An open vessel contains 0.5 kg of ice at -20 degree Celsius. The mass of the container can be neglected. Heat is supplied to the vessel at constant rate of 420 J/min for 500 min.
(a) After how many minutes does the ice start to melt?
(b) After how many minutes does the temperature start to rise above 0 degree Celsius?
(c) Plot a curve showing the elapsed time as abscissa and the temperature as ordinate.
To answer these questions, we need to understand the concept of specific heat and phase changes of substances. First, let's break down the steps to find the answers:
(a) To determine when the ice starts to melt, we need to calculate the amount of heat required to raise the temperature of the ice from -20 degree Celsius to 0 degree Celsius. Once this amount of heat is supplied, the remaining heat will be used for the phase change (melting) of the ice.
(b) To find the time at which the temperature starts to rise above 0 degree Celsius, we need to calculate the amount of heat required to raise the temperature of the melted ice (water) from 0 degree Celsius to a higher temperature. The time at which this amount of heat is supplied will be the answer.
(c) To plot the curve, we will use the elapsed time as the x-axis and the temperature as the y-axis. We will calculate the temperature at each elapsed time and plot the data.
Let's start by calculating the heat required for each step:
(a) Heat required to raise the temperature of the ice from -20 degree Celsius to 0 degree Celsius:
The specific heat capacity of ice (c_ice) is 2100 J/(kg·°C). The mass of the ice is 0.5 kg, and the temperature change required is (0 - (-20)) = 20 degree Celsius.
The heat required is given by the formula: Q = m · c · ΔT
Q_1 = (0.5 kg) · (2100 J/(kg·°C)) · (20 °C) = 21,000 J
So, 21,000 J of heat is required to raise the temperature of the ice from -20 degree Celsius to 0 degree Celsius.
(b) Heat required to raise the temperature of the water from 0 degree Celsius to a higher temperature:
The specific heat capacity of water (c_water) is 4200 J/(kg·°C). The mass of the melted ice (water) is still 0.5 kg.
The heat required is given by: Q = m · c · ΔT
Q_2 = (0.5 kg) · (4200 J/(kg·°C)) · ΔT
To find ΔT, we need to know the total heat supplied during the time interval of 500 minutes. We are given that the heat is supplied at a constant rate of 420 J/min for 500 min. Therefore, the total heat supplied is:
Q_total = (420 J/min) · (500 min) = 210,000 J
The remaining heat after melting the ice is:
Q_remain = Q_total - Q_1
Q_remain = 210,000 J - 21,000 J = 189,000 J
Now, we can calculate the temperature rise:
Q_2 = (0.5 kg) · (4200 J/(kg·°C)) · ΔT
189,000 J = (0.5 kg) · (4200 J/(kg·°C)) · ΔT
ΔT = 189,000 J / (0.5 kg · 4200 J/(kg·°C))
ΔT = 90 °C
So, the temperature rises by 90 degree Celsius.

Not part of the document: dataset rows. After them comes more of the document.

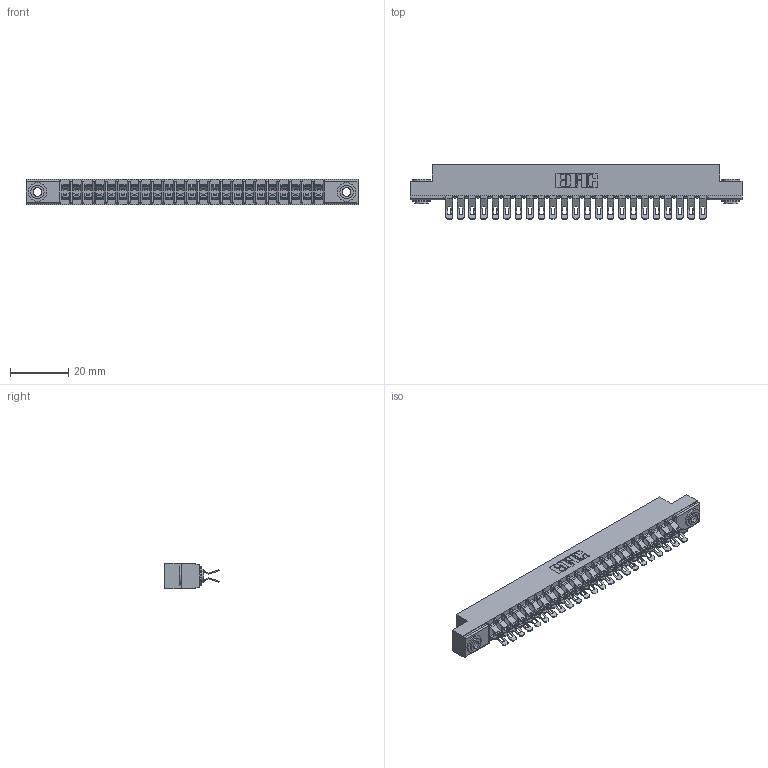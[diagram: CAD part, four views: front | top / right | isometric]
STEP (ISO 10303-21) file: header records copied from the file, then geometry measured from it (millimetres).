
FILE_DESCRIPTION (( 'STEP AP203' ), '1' );
FILE_NAME ('307-046-455-203.STEP', '2020-09-30T02:33:32', ( '' ), ( '' ), 'SwSTEP 2.0', 'SolidWorks 2020', '' );
FILE_SCHEMA (( 'CONFIG_CONTROL_DESIGN' ));
Length unit declared in the file: inch
Products named in the file (4): 307 Part_.156 Dia Mounting Holes; 307-046-455-203; 307-290-001_555; 345-250-002_345-250-002-102
Assembly tree (49 placements, depth 2):
  307-046-455-203
    307 Part_.156 Dia Mounting Holes
    307-290-001_555  x46
    345-250-002_345-250-002-102  x2
Bounding box: 114.15 x 18.75 x 8.71 mm (x, y, z)
Volume: 7604.7 mm3; surface area: 14488.2 mm2
Topology: 49 solids, 49 shells, 3000 faces, 8761 edges, 5710 vertices
Faces by surface type: plane 1658, cylinder 1286, sphere 48, cone 8
Entity records: 24398 total; most frequent: CARTESIAN_POINT 3984, ORIENTED_EDGE 3940, DIRECTION 3932, EDGE_CURVE 1970, VECTOR 1484, LINE 1484, VERTEX_POINT 1276, AXIS2_PLACEMENT_3D 1224
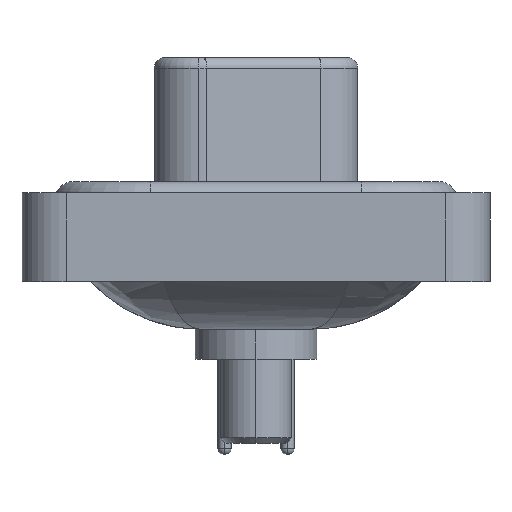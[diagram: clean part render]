
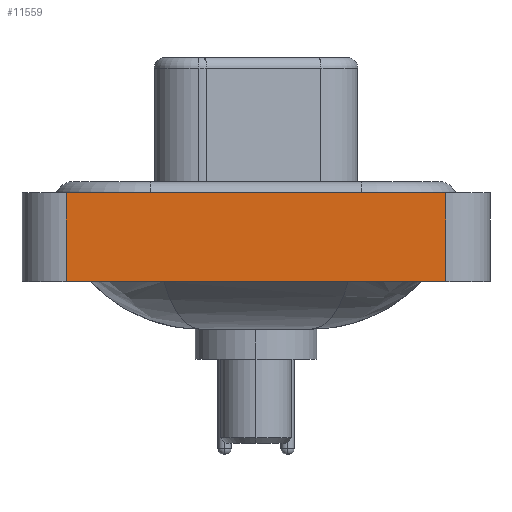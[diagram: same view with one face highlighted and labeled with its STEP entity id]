
A CAD part, left-side view. The second image highlights one B-rep face of the part: STEP entity #11559.
In plain terms, the highlighted planar face has unit normal (-1, 0, 0).
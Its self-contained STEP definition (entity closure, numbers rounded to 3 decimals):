
#27 = DIRECTION ( 'NONE',  ( 0., 0., 1. ) ) ;
#96 = CARTESIAN_POINT ( 'NONE',  ( -7.35, -8.55, 0.4 ) ) ;
#482 = CARTESIAN_POINT ( 'NONE',  ( -7.35, -8.55, -3.6 ) ) ;
#603 = LINE ( 'NONE', #6965, #6444 ) ;
#1907 = CARTESIAN_POINT ( 'NONE',  ( -7.35, -8.55, -3.6 ) ) ;
#2217 = VERTEX_POINT ( 'NONE', #4524 ) ;
#3818 = VERTEX_POINT ( 'NONE', #19783 ) ;
#4265 = VECTOR ( 'NONE', #8519, 1000. ) ;
#4524 = CARTESIAN_POINT ( 'NONE',  ( -7.35, 8.55, -3.6 ) ) ;
#5183 = ORIENTED_EDGE ( 'NONE', *, *, #19231, .T. ) ;
#6228 = EDGE_CURVE ( 'NONE', #2217, #3818, #603, .T. ) ;
#6444 = VECTOR ( 'NONE', #13352, 1000. ) ;
#6965 = CARTESIAN_POINT ( 'NONE',  ( -7.35, 8.55, -3.6 ) ) ;
#8282 = DIRECTION ( 'NONE',  ( 0., 0., 1. ) ) ;
#8319 = ORIENTED_EDGE ( 'NONE', *, *, #16207, .F. ) ;
#8519 = DIRECTION ( 'NONE',  ( 0., -1., 0. ) ) ;
#9210 = FACE_OUTER_BOUND ( 'NONE', #19573, .T. ) ;
#9526 = LINE ( 'NONE', #14335, #9997 ) ;
#9629 = CARTESIAN_POINT ( 'NONE',  ( -7.35, -8.55, -3.6 ) ) ;
#9997 = VECTOR ( 'NONE', #11107, 1000. ) ;
#10189 = LINE ( 'NONE', #16575, #4265 ) ;
#11107 = DIRECTION ( 'NONE',  ( 0., -1., 0. ) ) ;
#11315 = EDGE_CURVE ( 'NONE', #2217, #20249, #10189, .T. ) ;
#11333 = AXIS2_PLACEMENT_3D ( 'NONE', #9629, #16031, #27 ) ;
#11559 = ADVANCED_FACE ( 'NONE', ( #9210 ), #20618, .T. ) ;
#12337 = ORIENTED_EDGE ( 'NONE', *, *, #11315, .T. ) ;
#12455 = ORIENTED_EDGE ( 'NONE', *, *, #6228, .F. ) ;
#13352 = DIRECTION ( 'NONE',  ( 0., 0., 1. ) ) ;
#14335 = CARTESIAN_POINT ( 'NONE',  ( -7.35, -8.55, 0.4 ) ) ;
#16031 = DIRECTION ( 'NONE',  ( -1., 0., 0. ) ) ;
#16207 = EDGE_CURVE ( 'NONE', #3818, #18143, #9526, .T. ) ;
#16496 = VECTOR ( 'NONE', #8282, 1000. ) ;
#16575 = CARTESIAN_POINT ( 'NONE',  ( -7.35, -8.55, -3.6 ) ) ;
#17701 = LINE ( 'NONE', #1907, #16496 ) ;
#18143 = VERTEX_POINT ( 'NONE', #96 ) ;
#19231 = EDGE_CURVE ( 'NONE', #20249, #18143, #17701, .T. ) ;
#19573 = EDGE_LOOP ( 'NONE', ( #5183, #8319, #12455, #12337 ) ) ;
#19783 = CARTESIAN_POINT ( 'NONE',  ( -7.35, 8.55, 0.4 ) ) ;
#20249 = VERTEX_POINT ( 'NONE', #482 ) ;
#20618 = PLANE ( 'NONE',  #11333 ) ;
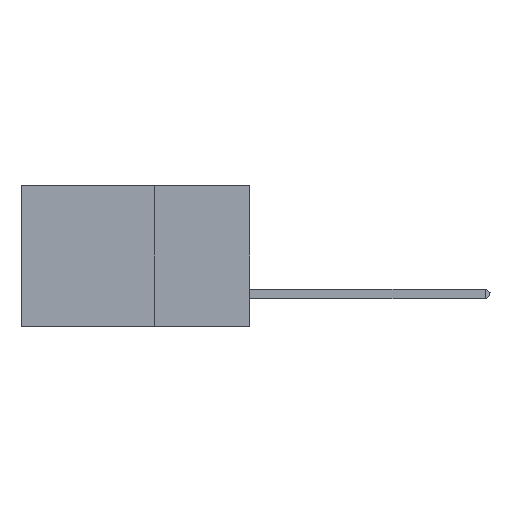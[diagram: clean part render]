
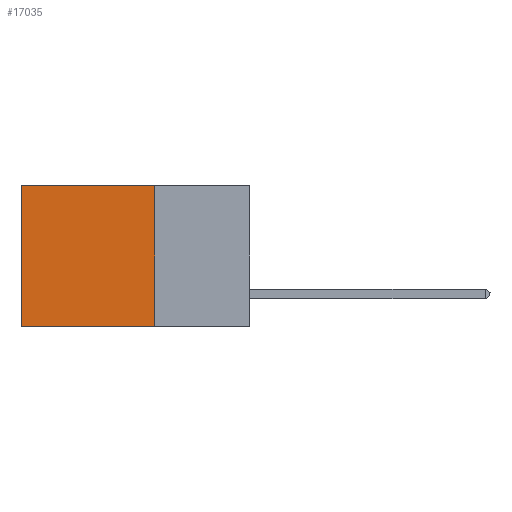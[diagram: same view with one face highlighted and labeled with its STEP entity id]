
A CAD part, left-side view. The second image highlights one B-rep face of the part: STEP entity #17035.
In plain terms, the highlighted planar face has unit normal (-1, 0, 0).
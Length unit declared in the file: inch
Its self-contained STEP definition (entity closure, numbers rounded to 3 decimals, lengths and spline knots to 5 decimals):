
#440 = LINE ( 'NONE', #5099, #9820 ) ;
#541 = ORIENTED_EDGE ( 'NONE', *, *, #3564, .F. ) ;
#799 = VERTEX_POINT ( 'NONE', #10856 ) ;
#1051 = LINE ( 'NONE', #12992, #6039 ) ;
#1243 = CARTESIAN_POINT ( 'NONE',  ( 0.2875, 0.6, 0. ) ) ;
#1399 = CARTESIAN_POINT ( 'NONE',  ( 0.2875, 0.25, 0. ) ) ;
#1675 = CARTESIAN_POINT ( 'NONE',  ( 0.2875, 0.25, -0.37 ) ) ;
#2437 = VERTEX_POINT ( 'NONE', #1243 ) ;
#2672 = PLANE ( 'NONE',  #13784 ) ;
#3564 = EDGE_CURVE ( 'NONE', #799, #5408, #3953, .T. ) ;
#3953 = LINE ( 'NONE', #1399, #10912 ) ;
#4581 = EDGE_CURVE ( 'NONE', #2437, #9040, #8465, .T. ) ;
#4784 = DIRECTION ( 'NONE',  ( 0., 0., -1. ) ) ;
#5099 = CARTESIAN_POINT ( 'NONE',  ( 0.2875, 0.25, 0. ) ) ;
#5408 = VERTEX_POINT ( 'NONE', #1675 ) ;
#5652 = DIRECTION ( 'NONE',  ( 0., 0., -1. ) ) ;
#5700 = EDGE_CURVE ( 'NONE', #5408, #9040, #1051, .T. ) ;
#6039 = VECTOR ( 'NONE', #14158, 39.37008 ) ;
#6687 = CARTESIAN_POINT ( 'NONE',  ( 0.2875, 0.25, 0. ) ) ;
#7158 = FACE_OUTER_BOUND ( 'NONE', #9308, .T. ) ;
#8465 = LINE ( 'NONE', #8903, #8915 ) ;
#8903 = CARTESIAN_POINT ( 'NONE',  ( 0.2875, 0.6, 0. ) ) ;
#8915 = VECTOR ( 'NONE', #4784, 39.37008 ) ;
#9040 = VERTEX_POINT ( 'NONE', #14489 ) ;
#9308 = EDGE_LOOP ( 'NONE', ( #11767, #14237, #541, #9772 ) ) ;
#9772 = ORIENTED_EDGE ( 'NONE', *, *, #15521, .T. ) ;
#9820 = VECTOR ( 'NONE', #14851, 39.37008 ) ;
#10856 = CARTESIAN_POINT ( 'NONE',  ( 0.2875, 0.25, 0. ) ) ;
#10912 = VECTOR ( 'NONE', #5652, 39.37008 ) ;
#11767 = ORIENTED_EDGE ( 'NONE', *, *, #4581, .T. ) ;
#12416 = DIRECTION ( 'NONE',  ( 0., 0., -1. ) ) ;
#12992 = CARTESIAN_POINT ( 'NONE',  ( 0.2875, 0.25, -0.37 ) ) ;
#13784 = AXIS2_PLACEMENT_3D ( 'NONE', #6687, #16628, #12416 ) ;
#14158 = DIRECTION ( 'NONE',  ( 0., 1., 0. ) ) ;
#14237 = ORIENTED_EDGE ( 'NONE', *, *, #5700, .F. ) ;
#14489 = CARTESIAN_POINT ( 'NONE',  ( 0.2875, 0.6, -0.37 ) ) ;
#14851 = DIRECTION ( 'NONE',  ( 0., 1., 0. ) ) ;
#15521 = EDGE_CURVE ( 'NONE', #799, #2437, #440, .T. ) ;
#16628 = DIRECTION ( 'NONE',  ( 1., 0., 0. ) ) ;
#17035 = ADVANCED_FACE ( 'NONE', ( #7158 ), #2672, .F. ) ;

(c) To plot the curve, we need to calculate the temperature at specific time intervals. Let's start with the initial temperature of -20 degree Celsius and plot the points:
Elapsed time: 0 min, Temperature: -20 degree Celsius (initial temperature)
Elapsed time: t, Temperature: 0 degree Celsius (temperature at the start of ice melting)
After that, we will need to calculate the time at which the temperature rises by 90 degree Celsius:
Elapsed time: t + Δt, Temperature: 90 degree Celsius (temperature when the ice has fully melted, and temperature starts to rise)
Now we have all the information to plot the curve. The x-axis will represent the elapsed time, and the y-axis will represent the temperature. We can connect the plotted points with a smooth curve to represent the temperature changes over time.
Note: The curve will be a horizontal line at -20 degree Celsius until point (0, -20). From that point, it will rise linearly until point (t, 0). After that, it will continue to rise linearly until point (t + Δt, 90).